Historical population
| Census | Pop. | Note | %± |
| 1870 | 888 |  | — |
| 1880 | 918 |  | 3.4% |
| 1890 | 966 |  | 5.2% |
| 1900 | 930 |  | −3.7% |
| 1910 | 1,157 |  | 24.4% |
| 1920 | 1,349 |  | 16.6% |
| 1930 | 1,181 |  | −12.5% |
| 1940 | 1,126 |  | −4.7% |
| 1950 | 1,217 |  | 8.1% |
| 1960 | 1,301 |  | 6.9% |
| 1970 | 1,293 |  | −0.6% |
| 1980 | 1,064 |  | −17.7% |
| 1990 | 982 |  | −7.7% |
| 2000 | 929 |  | −5.4% |
| 2010 | 863 |  | −7.1% |
| 2020 | 818 |  | −5.2% |
| 2021 (est.) | 809 | Decrease | −1.1% |
Sources:

===Political affiliation===
West Middlesex has supported Republican politicians by comfortable margins in recent years. The town is presently represented by Republican Mike Kelly in the House of Representatives, and voted for GOP incumbent Donald Trump in the 2020 presidential election by a 30 percentage point margin as opposed to Democratic challenger Joe Biden.

==Education==
The West Middlesex Area School District serves the borough of West Middlesex and its two neighboring townships, Shenango Township and Lackawannock Township. The school district serves students in grades K-12, and it also offers Head Start preschool.
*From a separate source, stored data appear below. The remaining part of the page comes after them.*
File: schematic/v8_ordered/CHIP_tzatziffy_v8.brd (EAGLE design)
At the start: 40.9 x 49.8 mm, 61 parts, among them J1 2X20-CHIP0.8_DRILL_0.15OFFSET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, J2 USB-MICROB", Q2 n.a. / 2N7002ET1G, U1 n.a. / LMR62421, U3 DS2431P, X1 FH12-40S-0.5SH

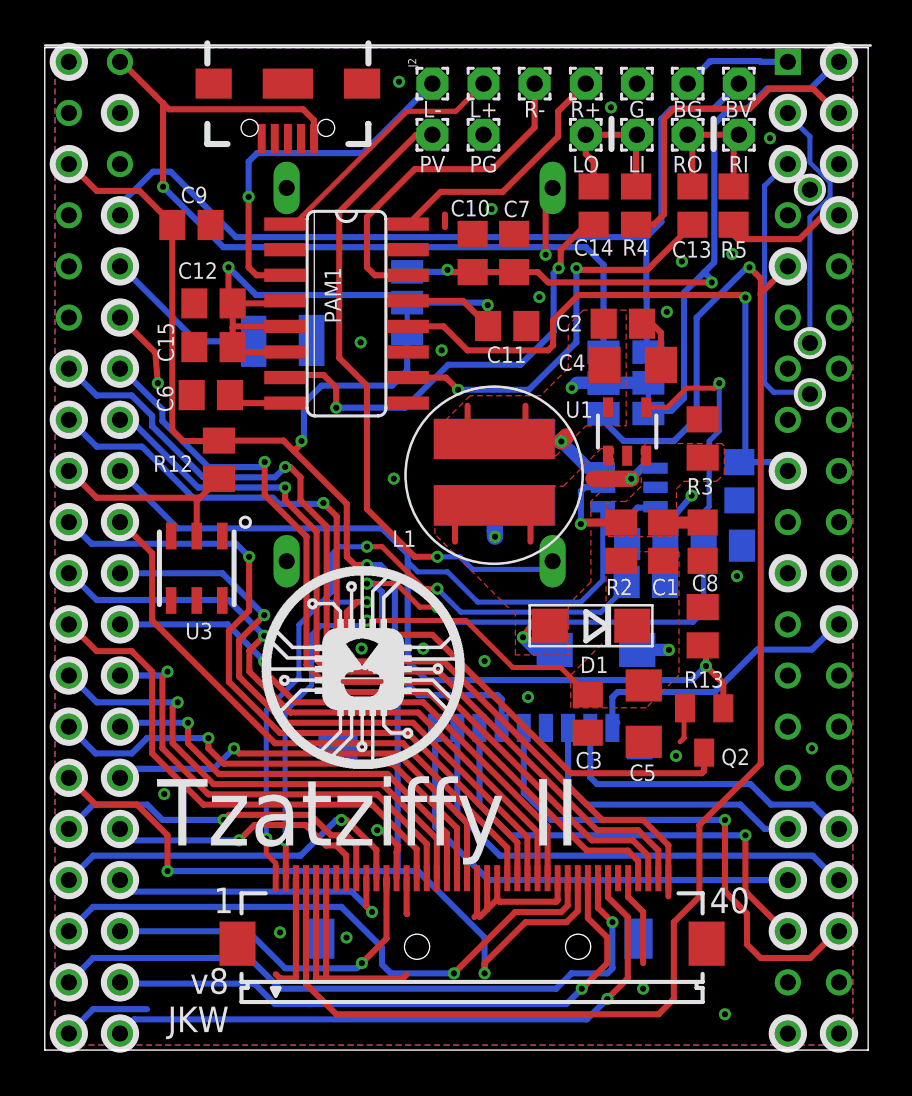
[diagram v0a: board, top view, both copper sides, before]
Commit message: changed chip footprint to clamp via row claming 0.1mm outside and ordered v8
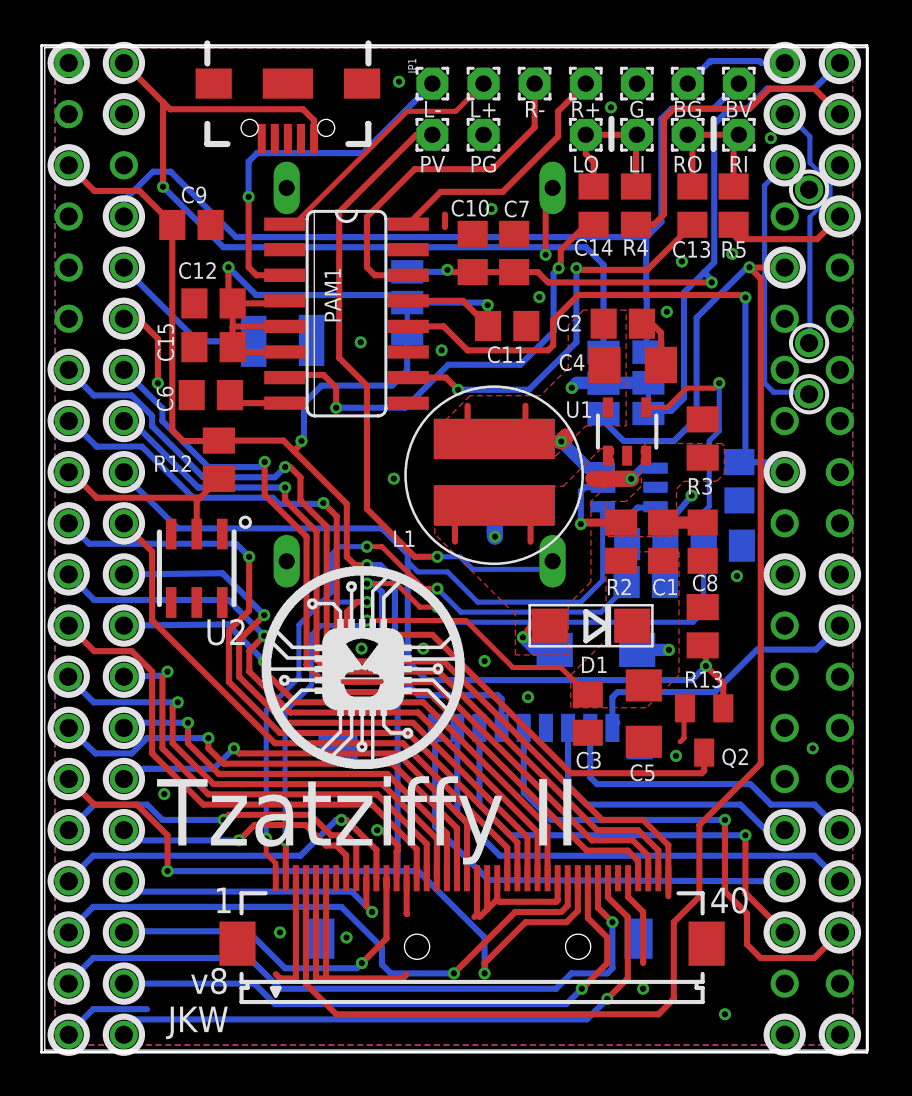
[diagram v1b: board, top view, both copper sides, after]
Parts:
- removed U3: DS2431P, Keyboard v0_5:TSOC6
- added U2: DS2431P, JKW_CHIP:TSOC6
- J1: value 2X20-CHIP0.8_DRILL_0.15OFFSET_LR -> 2X20-CHIP0.9DRILLS_2; device JKW_CHIP:2X20CHIP_0.15MM_OFFSET_TH_08 -> JKW_CHIP:2X20CHIP_BANK_OFFSET_TH_0.9
- JP1: value USB-MICROB" -> USBMICRO_SMD
- renumbered J2 to JP1
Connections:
- net 1WIRE: now also U2.2; no longer U3.2
- net GND: now also U2.1; no longer U3.1
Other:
- board size 40.9 x 49.8 mm -> 41 x 50 mm

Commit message: added and gate
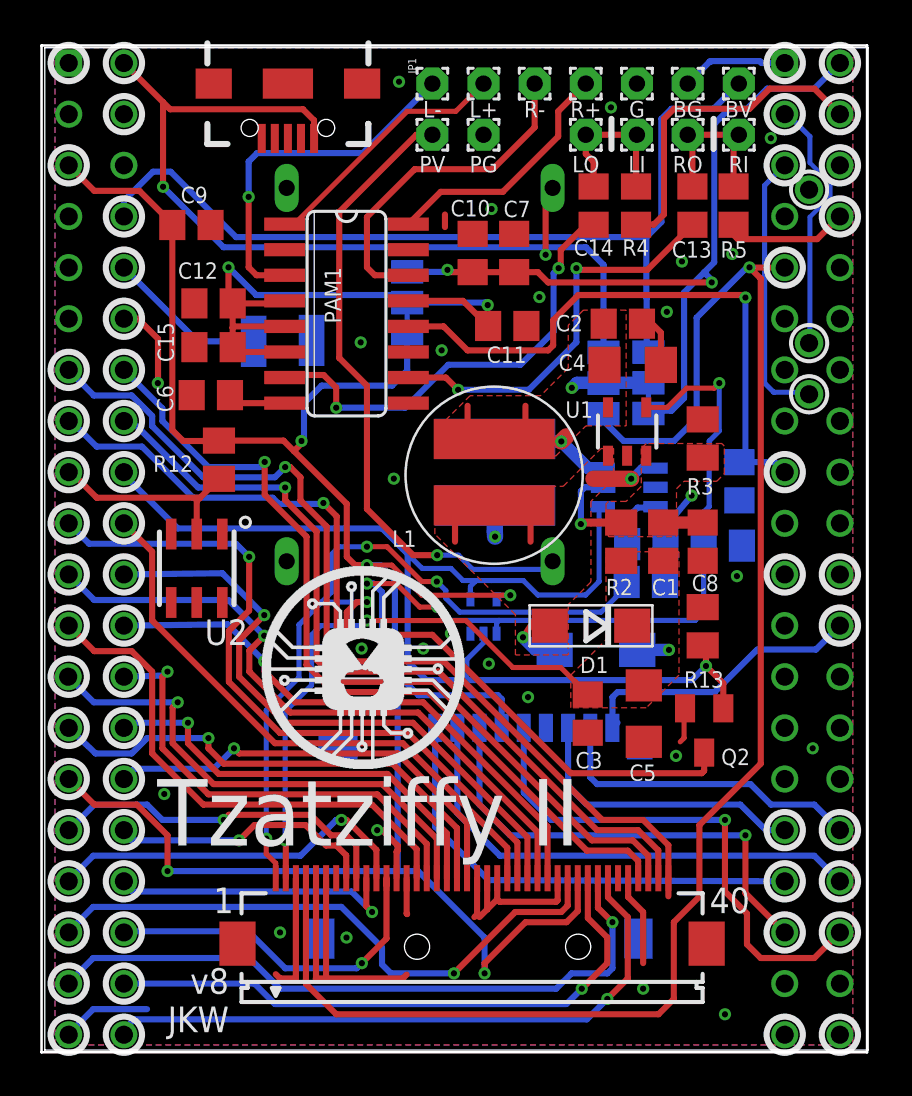
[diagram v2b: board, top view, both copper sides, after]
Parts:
- added IC1: 74AHC1G08DCK, 74xx-little-us:SC70-5
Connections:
- net EN: now also IC1.1
- net GND: now also IC1.3
- net PWM: now also IC1.2, IC1.4
- net VCC3V3: now also IC1.5
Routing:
- net VCC3V3: track 55.4 -> 64.0 mm, vias 2 -> 3
- net PWM: track 55.0 -> 59.5 mm
- net EN: track 83.6 -> 84.2 mm
- net GND: vias 27 -> 28

Historically, West Middlesex has served students since shortly after the town was platted. A small frame house was built in 1837 for school sessions and church services, and in 1855, it was replaced by a two-story building: the first story for education, and the second story for worship. A three-story brick union schoolhouse was built in 1868.

==Transportation==
West Middlesex is the location of the northwestern terminus of Interstate 376, which gives West Middlesex a direct highway connection to Pittsburgh as well as its primary airport. West Middlesex also lies directly on the path of Interstate 80, itself running cross-country between the New York metropolitan area and San Francisco Bay Area, and is accessible to downtown West Middlesex via I-376. The junction of I-80 and I-376 is also the southern terminus of Pennsylvania Route 760, which continues north into Mercer County. West Middlesex's downtown area is centered at the intersection of Pennsylvania State Routes 18 and 318.

No public transportation nor rail lines exist within West Middlesex; the closest bus stops to West Middlesex are in New Wilmington.

West Middlesex is the home of an eponymous airport, though it exclusively serves general aviation and has no regularly scheduled commercial flights. The closest airports with regularly scheduled commercial service are Youngstown–Warren Regional Airport and Pittsburgh International Airport.

==Notable people==
- Alfred M. Landon, former Governor of Kansas and Republican presidential candidate.
- R. J. Bowers, former professional football player.